EverQuest hit the PC shelves on March 16, 1999. With the game's release, Sony Online Entertainment hoped to add three letters to the acronym RPG (role-playing game) by creating one of the first truly massively multiplayer online experiences--now called an MMORPG. Gamers gave EverQuest success beyond anyone's predictions by spawning an incredibly successful online community of gamers who role-played and interacted in new ways. In fact, there were even in-game (and real-life) marriages.

A sequel and several expansions later, EverQuest has finally made its debut on mobile. While the wireless version is not an MMORPG, it is a terrific, traditional role-playing experience that spans dozens of hours of gameplay.

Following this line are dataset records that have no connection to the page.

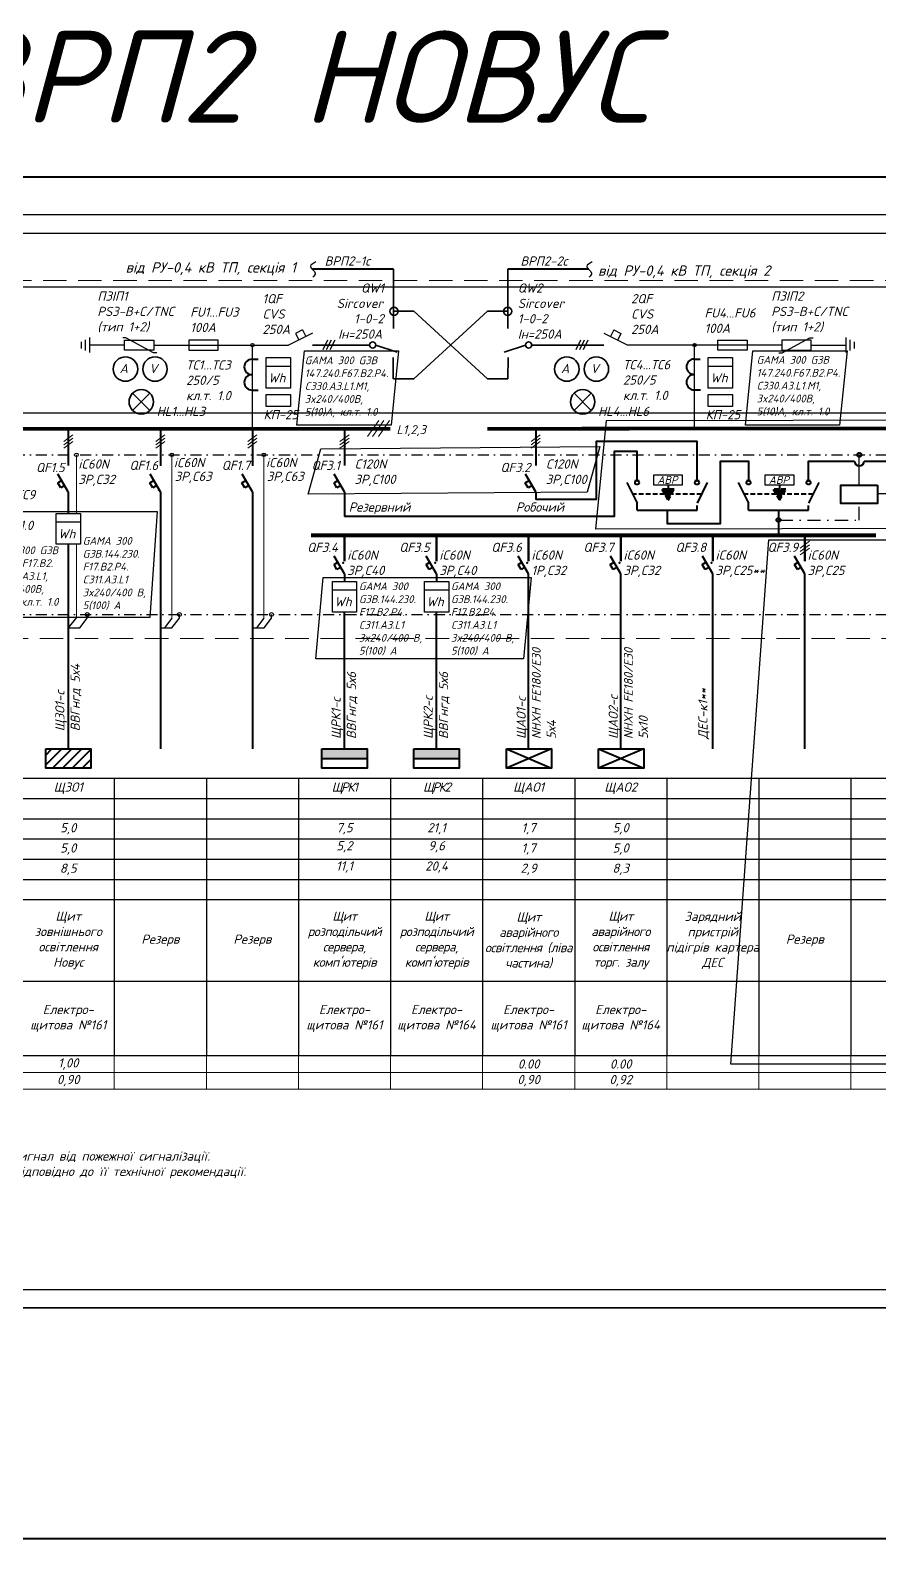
# Model space of a CAD drawing. Header units: millimetres. Extents: x -122434 to 1506205, y -201405 to 386015.
# Drawn here: x 18518 to 41560, y 148323 to 189325 of the extents above; entities that cross this region are included whole.
import ezdxf
from ezdxf.enums import TextEntityAlignment as Align

# ---------------------------------------------------------------- set-up
doc = ezdxf.new("R2010")
doc.units = ezdxf.units.MM
for name, pattern in [('DASHDOT', [25, 12, -6, 1, -6]), ('DASHDOTX2', [2, 1, -0.5, 0, -0.5]), ('DASHED', [9.525, 6.35, -3.175])]:
    doc.linetypes.add(name, pattern=pattern)
doc.layers.get('Defpoints').update_dxf_attribs({"color": 4})
for name, color, linetype in [('Cхема', 7, 'Continuous'), ('E_Зміни', 7, 'Continuous'), ('SO', 7, 'Continuous'), ('Схема', 7, 'Continuous')]:
    doc.layers.add(name, color=color, linetype=linetype)
doc.layers.add('Рамка внешняя', color=4, linetype='Continuous', lineweight=30, plot=False)
doc.styles.add('GOST 2.304', font='isocpeui.ttf')
doc.styles.add('ICO', font='isocpeui.ttf')
doc.styles.add('ГОСТ 2.304', font='isocpeui.ttf')

# ---------------------------------------------------------------- blocks, each defined once
blk = doc.blocks.new('*T211')
at = {"color": 0, "lineweight": -2, "transparency": 16777216}
for p, q in [((0, 0), (4000, 0)), ((0, 0), (0, -7540)), ((4000, 0), (4000, -7540)), ((6500, 0), (6500, -7540)), ((9000, 0), (9000, -7540)), ((11500, 0), (11500, -7540)), ((14000, 0), (14000, -3300)), ((16500, 0), (16500, -3300)), ((19000, 0), (19000, -7540)), ((21500, 0), (21500, -7540)), ((34000, 0), (34000, -5515)), ((36500, 0), (36500, -2200)), ((39000, 0), (39000, -1100)), ((41500, 0), (41500, -2200)), ((44000, 0), (44000, -1100)), ((46500, 0), (46500, -7540)), ((51500, 0), (51500, -3300)), ((54000, 0), (54000, -7540)), ((56500, 0), (56500, -7540)), ((0, -550), (56500, -550)), ((24000, -550), (24000, -3300)), ((26500, -550), (26500, -3300)), ((29000, -550), (29000, -7540)), ((31500, -550), (31500, -7540)), ((49000, -550), (49000, -3300)), ((0, -1100), (14000, -1100)), ((16500, -1100), (19000, -1100)), ((21500, -1100), (56500, -1100)), ((0, -1650), (56500, -1650)), ((39000, -1650), (39000, -7540)), ((44000, -1650), (44000, -3300)), ((0, -2200), (34000, -2200)), ((36500, -2200), (39000, -2200)), ((41500, -2200), (56500, -2200)), ((0, -2750), (56500, -2750)), ((36500, -2750), (36500, -7540)), ((41500, -2750), (41500, -7540)), ((0, -3300), (14000, -3300)), ((16500, -3300), (34000, -3300)), ((36500, -3300), (56500, -3300)), ((0, -5515), (11500, -5515)), ((14000, -5515), (24000, -5515)), ((14000, -5515), (14000, -7540)), ((16500, -5515), (16500, -7540)), ((24000, -5515), (24000, -7540)), ((26500, -5515), (29000, -5515)), ((26500, -5515), (26500, -7540)), ((31500, -5515), (49000, -5515)), ((44000, -5515), (44000, -7540)), ((49000, -5515), (49000, -7540)), ((51500, -5515), (56500, -5515)), ((51500, -5515), (51500, -7540)), ((0, -7540), (56500, -7540))]:
    blk.add_line(p, q, dxfattribs=at)
at = {"color": 0, "linetype": 'ByBlock', "lineweight": -2, "transparency": 16777216}
for p, q in [((4000, 0), (56500, 0)), ((24000, 0), (24000, -550)), ((26500, 0), (26500, -550)), ((29000, 0), (29000, -550)), ((31500, 0), (31500, -550)), ((49000, 0), (49000, -550)), ((14000, -1100), (16500, -1100)), ((19000, -1100), (21500, -1100)), ((39000, -1100), (39000, -1650)), ((44000, -1100), (44000, -1650)), ((34000, -2200), (36500, -2200)), ((36500, -2200), (36500, -2750)), ((39000, -2200), (41500, -2200)), ((41500, -2200), (41500, -2750)), ((14000, -3300), (16500, -3300)), ((14000, -3300), (14000, -5515)), ((16500, -3300), (16500, -5515)), ((24000, -3300), (24000, -5515)), ((26500, -3300), (26500, -5515)), ((34000, -3300), (36500, -3300)), ((44000, -3300), (44000, -5515)), ((49000, -3300), (49000, -5515)), ((51500, -3300), (51500, -5515)), ((11500, -5515), (14000, -5515)), ((24000, -5515), (26500, -5515)), ((29000, -5515), (31500, -5515)), ((34000, -5515), (34000, -7540)), ((49000, -5515), (51500, -5515))]:
    blk.add_line(p, q, dxfattribs=at)
at = {"layer": 'Defpoints', "color": 8, "linetype": 'ByBlock', "lineweight": 0, "transparency": 16777216}
for p, q in [((0, -7540), (0, -8447)), ((4000, -7540), (4000, -8447)), ((6500, -7540), (6500, -8447)), ((9000, -7540), (9000, -8447)), ((11500, -7540), (11500, -8447)), ((14000, -7540), (14000, -8447)), ((16500, -7540), (16500, -8447)), ((19000, -7540), (19000, -8447)), ((21500, -7540), (21500, -8447)), ((24000, -7540), (24000, -8447)), ((26500, -7540), (26500, -8447)), ((29000, -7540), (29000, -8447)), ((31500, -7540), (31500, -8447)), ((34000, -7540), (34000, -8447)), ((36500, -7540), (36500, -8447)), ((39000, -7540), (39000, -8447)), ((41500, -7540), (41500, -8447)), ((44000, -7540), (44000, -8447)), ((46500, -7540), (46500, -8447)), ((49000, -7540), (49000, -8447)), ((51500, -7540), (51500, -8447)), ((54000, -7540), (54000, -8447)), ((56500, -7540), (56500, -8447)), ((0, -7994), (56500, -7994)), ((0, -8447), (56500, -8447))]:
    blk.add_line(p, q, dxfattribs=at)
at = {"color": 0, "transparency": 16777216, "char_height": 250, "style": 'ГОСТ 2.304'}
for s, insert, width, attachment_point in [('Номер по плану', (2000, -275), 3880, 5), ('{\\T0.85;\\C7;ЩР1.1}', (5250, -275), 2380, 5), ('{\\T0.85;\\C7;ЩМЦ}', (7750, -275), 2380, 5), ('{\\T0.85;\\C7;ЩО1}', (10250, -275), 2380, 5), ('ЩТЗ1', (12750, -275), 2380, 5), ('ЩЗО1', (15250, -275), 2380, 5), ('{\\T0.85;\\C7;ЩРК1}', (22750, -275), 2380, 5), ('{\\T0.85;\\C7;ЩРК2}', (25250, -275), 2380, 5), ('ЩАО1', (27750, -275), 2380, 5), ('ЩАО2', (30250, -275), 2380, 5), ('{\\T0.85;\\C7;ЩО2}', (47750, -275), 2380, 5), ('{\\T0.85;\\C7;ЩТЗ2}', (50250, -275), 2380, 5), ('Тип', (2000, -825), 3880, 5), ('Рвст., кВт', (2000, -1375), 3880, 5), ('34,0', (5250, -1375), 2380, 5), ('22,0', (7750, -1375), 2380, 5), ('7,0', (10250, -1375), 2380, 5), ('69,7', (12750, -1375), 2380, 5), ('5,0', (15250, -1375), 2380, 5), ('7,5', (22750, -1375), 2380, 5), ('21,1', (25250, -1375), 2380, 5), ('1,7', (27750, -1375), 2380, 5), ('5,0', (30250, -1375), 2380, 5), ('29,6', (47750, -1375), 2380, 5), ('32,3', (50250, -1375), 2380, 5), ('Рр., кВт', (2000, -1925), 3880, 5), ('20,3', (5250, -1710), 2380, 2), ('12,7', (7750, -1710), 2380, 2), ('7,0', (10250, -1925), 2380, 5), ('33,7', (12750, -1710), 2380, 2), ('5,0', (15250, -1925), 2380, 5), ('5,2', (22750, -1710), 2380, 2), ('9,6', (25250, -1710), 2380, 2), ('1,7', (27750, -1925), 2380, 5), ('5,0', (30250, -1925), 2380, 5), ('23,9', (47750, -1925), 2380, 5), ('19,2', (50250, -1710), 2380, 2), ('Іном.', (2000, -2475), 3880, 5), ('38,7', (5250, -2260), 2380, 2), ('25,5', (7750, -2260), 2380, 2), ('11,8', (10250, -2475), 2380, 5), ('61,7', (12750, -2260), 2380, 2), ('8,5', (15250, -2475), 2380, 5), ('11,1', (22750, -2260), 2380, 2), ('20,4', (25250, -2260), 2380, 2), ('2,9', (27750, -2475), 2380, 5), ('8,3', (30250, -2475), 2380, 5), ('39,5', (47750, -2475), 2380, 5), ('34,0', (50250, -2260), 2380, 2), ('Іп', (2000, -3025), 3880, 5), ('{\\T0.95;Щит розподільчий розеток доп. приміщень}', (5250, -4408), 2380, 5), ('Щит зовнішнього освітлення Новус', (15250, -4408), 2380, 5), ("{\\T0.95;Щит розподільчий сервера, комп'ютерів}", (22750, -4408), 2380, 5), ("{\\T0.95;Щит розподільчий сервера, комп'ютерів}", (25250, -4408), 2380, 5), ('{\\T0.95;Щит аварійного освітлення (ліва частина)}', (27750, -4408), 2380, 5), ('{\\T0.95;Щит аварійного освітлення торг. залу}', (30250, -4408), 2380, 5), ('{\\C7;Зарядний пристрій\\Pпідігрів картера\\PДЕС}', (32750, -4408), 2380, 5), ('{\\T0.95;\\C7;Найменування обладнання за планом}', (2000, -4408), 3880, 5), ("{\\T0.95;Щит силовий м'ясного цеху}", (7750, -4408), 2380, 5), ('{\\T0.95;Щит ел. обладнання торг. залу}', (12750, -4408), 2380, 5), ('{\\T0.95;Щит освітлення торг. залу}', (47750, -4408), 2380, 5), ('{\\T0.95;Щит ел. обладнання торг. залу}', (50250, -4408), 2380, 5), ('{\\T0.95;Щит освітлення}', (10250, -4408), 2380, 5), ('Резерв', (17750, -4408), 2380, 5), ('Резерв', (20250, -4408), 2380, 5), ('Резерв', (35250, -4408), 2380, 5), ('Резерв', (52750, -4408), 2380, 5), ('Резерв', (55250, -4408), 2380, 5), ('{\\T0.95;\\C7;Місце встановлення}', (2000, -6528), 3880, 5), ('Електро- щитова №161', (5250, -6528), 2380, 5), ('Приміщення №152', (7750, -6528), 2380, 5), ('Електро- щитова №161', (10250, -6528), 2380, 5), ('Приміщення №152', (12750, -6528), 2380, 5), ('Електро- щитова №161', (15250, -6528), 2380, 5), ('Електро- щитова №161', (22750, -6528), 2380, 5), ('Електро- щитова №164', (25250, -6528), 2380, 5), ('Електро- щитова №161', (27750, -6528), 2380, 5), ('Електро- щитова №164', (30250, -6528), 2380, 5), ('Електро- щитова №164', (47750, -6528), 2380, 5), ('Електро- щитова №164', (50250, -6528), 2380, 5)]:
    blk.add_mtext(s, dxfattribs=dict(at, insert=insert, width=width, attachment_point=attachment_point))
at = {"color": 7, "true_color": 0xffffff, "transparency": 16777216, "char_height": 250, "attachment_point": 5, "style": 'ГОСТ 2.304'}
for s, insert, width in [('Кп', (2000, -7767), 3880), ('1,00', (15250, -7767), 2380), ('0.00', (27750, -7767), 2380), ('0.00', (30250, -7767), 2380), ('1.00', (47750, -7767), 2380), ('0.00', (50250, -7767), 2380), ('cos ф', (2000, -8220), 3880), ('0,90', (10250, -8220), 2380), ('0,90', (15250, -8220), 2380), ('0,90', (27750, -8220), 2380), ('0,92', (30250, -8220), 2380), ('0,92', (47750, -8220), 2380), ('0,82', (50250, -8220), 2380)]:
    blk.add_mtext(s, dxfattribs=dict(at, insert=insert, width=width))
blk = doc.blocks.new('*U160')
at = {"color": 0, "lineweight": 40}
for p, q in [((0, 0), (0, -1005)), ((-284, -1468), (-180, -1408)), ((-204, -1607), (-284, -1468)), ((0, -1720), (-280, -1240)), ((-100, -1547), (-204, -1607))]:
    blk.add_line(p, q, dxfattribs=at)
at = {"color": 0, "lineweight": 13}
for p, q in [((-124, -348), (124, -163)), ((-124, -441), (124, -256)), ((-124, -533), (124, -348))]:
    blk.add_line(p, q, dxfattribs=at)
at = {"color": 0, "lineweight": 9}
for p, q in [((311, -711), (311, -1240)), ((311, -1240), (311, -1720)), ((311, -2461), (311, -1720)), ((311, -2941), (311, -2461)), ((311, -5151), (311, -2941))]:
    blk.add_line(p, q, dxfattribs=at)
at = {"lineweight": 40}
for p, q in [((0, -1720), (0, -2226)), ((0, -2226), (0, -2941)), ((0, -2941), (0, -4529))]:
    blk.add_line(p, q, dxfattribs=at)
at = {"color": 0}
blk.add_circle((311, -711), 46.3, dxfattribs=at)
at = {"color": 0, "lineweight": 40}
blk.add_point((-37, -1659), dxfattribs=at)
at = {"lineweight": 50, "style": 'ГОСТ 2.304'}
for tag, p in [('ТYPE', (369, -1046)), ('CURRENT', (391, -1419))]:
    blk.add_attdef(tag, p, '', height=250, dxfattribs=at)
at = {"style": 'ГОСТ 2.304'}
blk.add_attdef('QF', text='', height=250, dxfattribs=at).set_placement((-61, -997), align=Align.MIDDLE_RIGHT)
blk = doc.blocks.new('Рамка А4х3')
at = {"lineweight": 30, "ltscale": 100}
blk.add_lwpolyline([(20, 5), (625, 5), (625, 292), (20, 292)], close=True, dxfattribs=at)
at = {"layer": 'Рамка внешняя', "ltscale": 100}
blk.add_lwpolyline([(0, 0), (630, 0), (630, 297), (0, 297)], close=True, dxfattribs=at)

msp = doc.modelspace()

# ---------------------------------------------------------------- hatches: boundary and pattern name
at = {"lineweight": 40}
h = msp.add_hatch(dxfattribs=at)
h.set_pattern_fill('ANSI31', color=256, scale=60)
h.set_pattern_definition([(45, (80341.53, -755812.3), (-134.70384, 134.70384), [])])
h.paths.add_polyline_path([(20165, 169269), (20165, 169795), (18939, 169795), (18939, 169269)])
h = msp.add_hatch(color=256, dxfattribs=at)
h.dxf.hatch_style = 1
h.paths.add_polyline_path([(27665, 169795), (26439, 169795), (26439, 169532), (27665, 169532)])
h = msp.add_hatch(color=256, dxfattribs=at)
h.dxf.hatch_style = 1
h.paths.add_polyline_path([(30165, 169795), (28939, 169795), (28939, 169532), (30165, 169532)])
at = {"layer": 'Схема', "linetype": 'DASHED', "lineweight": 40, "ltscale": 20}
h = msp.add_hatch(color=256, dxfattribs=at)
h.dxf.hatch_style = 1
h.paths.add_polyline_path([(36008, 176848), (35667, 176848), (35838, 176553)])
h = msp.add_hatch(color=256, dxfattribs=at)
h.dxf.hatch_style = 1
h.paths.add_polyline_path([(39036, 176848), (38695, 176848), (38865, 176553)])

# ---------------------------------------------------------------- linework, layer by layer
at = {"lineweight": 40, "ltscale": 300}
for p, q in [((28387, 182827), (26183, 182827)), ((33686, 182827), (31483, 182827)), ((19552, 178494), (19552, 177490)), ((27052, 178494), (27052, 177490)), ((32244, 178494), (32244, 177490)), ((19552, 176774), (19272, 177254)), ((27052, 176774), (26772, 177254)), ((32244, 176774), (31964, 177254)), ((19268, 177026), (19372, 177086)), ((19348, 176888), (19268, 177026)), ((19452, 176948), (19348, 176888)), ((19552, 176774), (19552, 176190)), ((26768, 177026), (26872, 177086)), ((26848, 176888), (26768, 177026)), ((26952, 176948), (26848, 176888)), ((27052, 176774), (27052, 176109)), ((31960, 177026), (32064, 177086)), ((32040, 176888), (31960, 177026)), ((32144, 176948), (32040, 176888)), ((32244, 176774), (32244, 176566)), ((19552, 175357), (19552, 173965)), ((26768, 174803), (26872, 174863)), ((26848, 174665), (26768, 174803)), ((27052, 174552), (26772, 175032)), ((26952, 174725), (26848, 174665)), ((29268, 174803), (29372, 174863)), ((29348, 174665), (29268, 174803)), ((29552, 174552), (29272, 175032)), ((29452, 174725), (29348, 174665)), ((31768, 174803), (31872, 174863)), ((31848, 174665), (31768, 174803)), ((32052, 174552), (31772, 175032)), ((31952, 174725), (31848, 174665)), ((34268, 174803), (34372, 174863)), ((34348, 174665), (34268, 174803)), ((34552, 174552), (34272, 175032)), ((34452, 174725), (34348, 174665)), ((36768, 174803), (36872, 174863)), ((36848, 174665), (36768, 174803)), ((37052, 174552), (36772, 175032)), ((36952, 174725), (36848, 174665)), ((39268, 174803), (39372, 174863)), ((39348, 174665), (39268, 174803)), ((39552, 174552), (39272, 175032)), ((39452, 174725), (39348, 174665)), ((27052, 174552), (27052, 174343)), ((29552, 174552), (29552, 174343)), ((19552, 173965), (19552, 169795)), ((22052, 173965), (22052, 169795)), ((24552, 173965), (24552, 169795)), ((26439, 169532), (27665, 169532)), ((28939, 169532), (30165, 169532))]:
    msp.add_line(p, q, dxfattribs=at)
at = {"color": 7, "lineweight": 30, "ltscale": 300}
for p, q in [((21119, 180968), (21029, 180968)), ((21869, 180553), (21119, 180968)), ((38940, 180553), (39689, 180968)), ((39689, 180968), (39779, 180968)), ((21080, 180767), (20136, 180767)), ((21958, 180553), (21869, 180553)), ((21879, 180767), (25529, 180767)), ((38929, 180767), (34755, 180767)), ((38850, 180553), (38940, 180553)), ((39728, 180767), (40672, 180767)), ((24926, 180198), (25586, 180198)), ((36931, 180198), (37591, 180198))]:
    msp.add_line(p, q, dxfattribs=at)
at = {"color": 0, "lineweight": 30, "ltscale": 300}
for p, q in [((26184, 181094), (25529, 180767)), ((25914, 181181), (25719, 181084)), ((25719, 181084), (25808, 180906)), ((25914, 181181), (26003, 181003)), ((34096, 181094), (34750, 180767)), ((34366, 181181), (34277, 181003)), ((34366, 181181), (34560, 181084)), ((34560, 181084), (34471, 180906)), ((24552, 178494), (24552, 180767)), ((36557, 178494), (36557, 180767))]:
    msp.add_line(p, q, dxfattribs=at)
at = {"color": 0, "ltscale": 300}
for p, q in [((26592, 180897), (26461, 180636)), ((26690, 180897), (26559, 180636)), ((26788, 180897), (26657, 180636)), ((33464, 180897), (33333, 180636)), ((33562, 180897), (33431, 180636)), ((33660, 180897), (33529, 180636))]:
    msp.add_line(p, q, dxfattribs=at)
at = {"color": 7, "lineweight": 40, "ltscale": 300}
for p, q in [((24542, 180383), (24706, 180383)), ((36547, 180387), (36711, 180387)), ((24542, 179542), (24712, 179542)), ((36547, 179547), (36717, 179547))]:
    msp.add_line(p, q, dxfattribs=at)
at = {"lineweight": 15, "ltscale": 300}
for p, q in [((27986, 178720), (27680, 178284)), ((28120, 178720), (27815, 178284)), ((28277, 178720), (27971, 178284))]:
    msp.add_line(p, q, dxfattribs=at)
at = {"lineweight": 13, "ltscale": 300}
for p, q in [((19428, 178146), (19676, 178331)), ((19428, 178054), (19676, 178239)), ((19428, 177961), (19676, 178146)), ((26928, 178146), (27176, 178331)), ((26928, 178054), (27176, 178239)), ((26928, 177961), (27176, 178146)), ((32119, 178146), (32368, 178331)), ((32119, 178054), (32368, 178239)), ((32119, 177961), (32368, 178146))]:
    msp.add_line(p, q, dxfattribs=at)
at = {"color": 0, "linetype": 'DASHDOTX2', "ltscale": 300}
msp.add_line((9071, 177783), (60774, 177783), dxfattribs=at)
at = {"lineweight": 9, "ltscale": 300}
for p, q in [((19776, 176190), (19776, 177783)), ((19776, 173364), (19776, 175357))]:
    msp.add_line(p, q, dxfattribs=at)
at = {"lineweight": 30, "ltscale": 300}
for p, q in [((19222, 175961), (19882, 175961)), ((26722, 174115), (27382, 174115)), ((29222, 174115), (29882, 174115))]:
    msp.add_line(p, q, dxfattribs=at)
at = {"color": 0, "lineweight": 13, "ltscale": 200}
for p, q in [((39428, 175248), (39676, 175433)), ((39428, 175155), (39676, 175340)), ((39428, 175063), (39676, 175248))]:
    msp.add_line(p, q, dxfattribs=at)
at = {"linetype": 'DASHDOTX2', "ltscale": 300}
msp.add_line((9071, 173444), (60823, 173445), dxfattribs=at)
at = {"ltscale": 300}
for p, q in [((20069, 173344), (20069, 173444)), ((22569, 173344), (22569, 173444)), ((25069, 173344), (25069, 173444)), ((19543, 173084), (19867, 173084)), ((19776, 173364), (19552, 173084)), ((19867, 173084), (20069, 173344)), ((22043, 173084), (22367, 173084)), ((22363, 173343), (22166, 173084)), ((22367, 173084), (22569, 173344)), ((24543, 173084), (24867, 173084)), ((24863, 173343), (24666, 173084)), ((24867, 173084), (25069, 173344))]:
    msp.add_line(p, q, dxfattribs=at)
msp.add_xline((1302, 154602), (-1, 0))
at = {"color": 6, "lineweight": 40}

Before you begin EverQuest: A Hero's Call, you get to name your character, as well as choose the character's class and specialty. You can choose to play with either a mage or a warrior. In either case, your specialty can be attack, mysticism, or defense. While this level of customization doesn't even begin to approach that of the game's PC counterpart, in which you can change your character's clothing and appearance, it sets a new benchmark for the mobile RPG by adding depth to the game before the adventure even starts.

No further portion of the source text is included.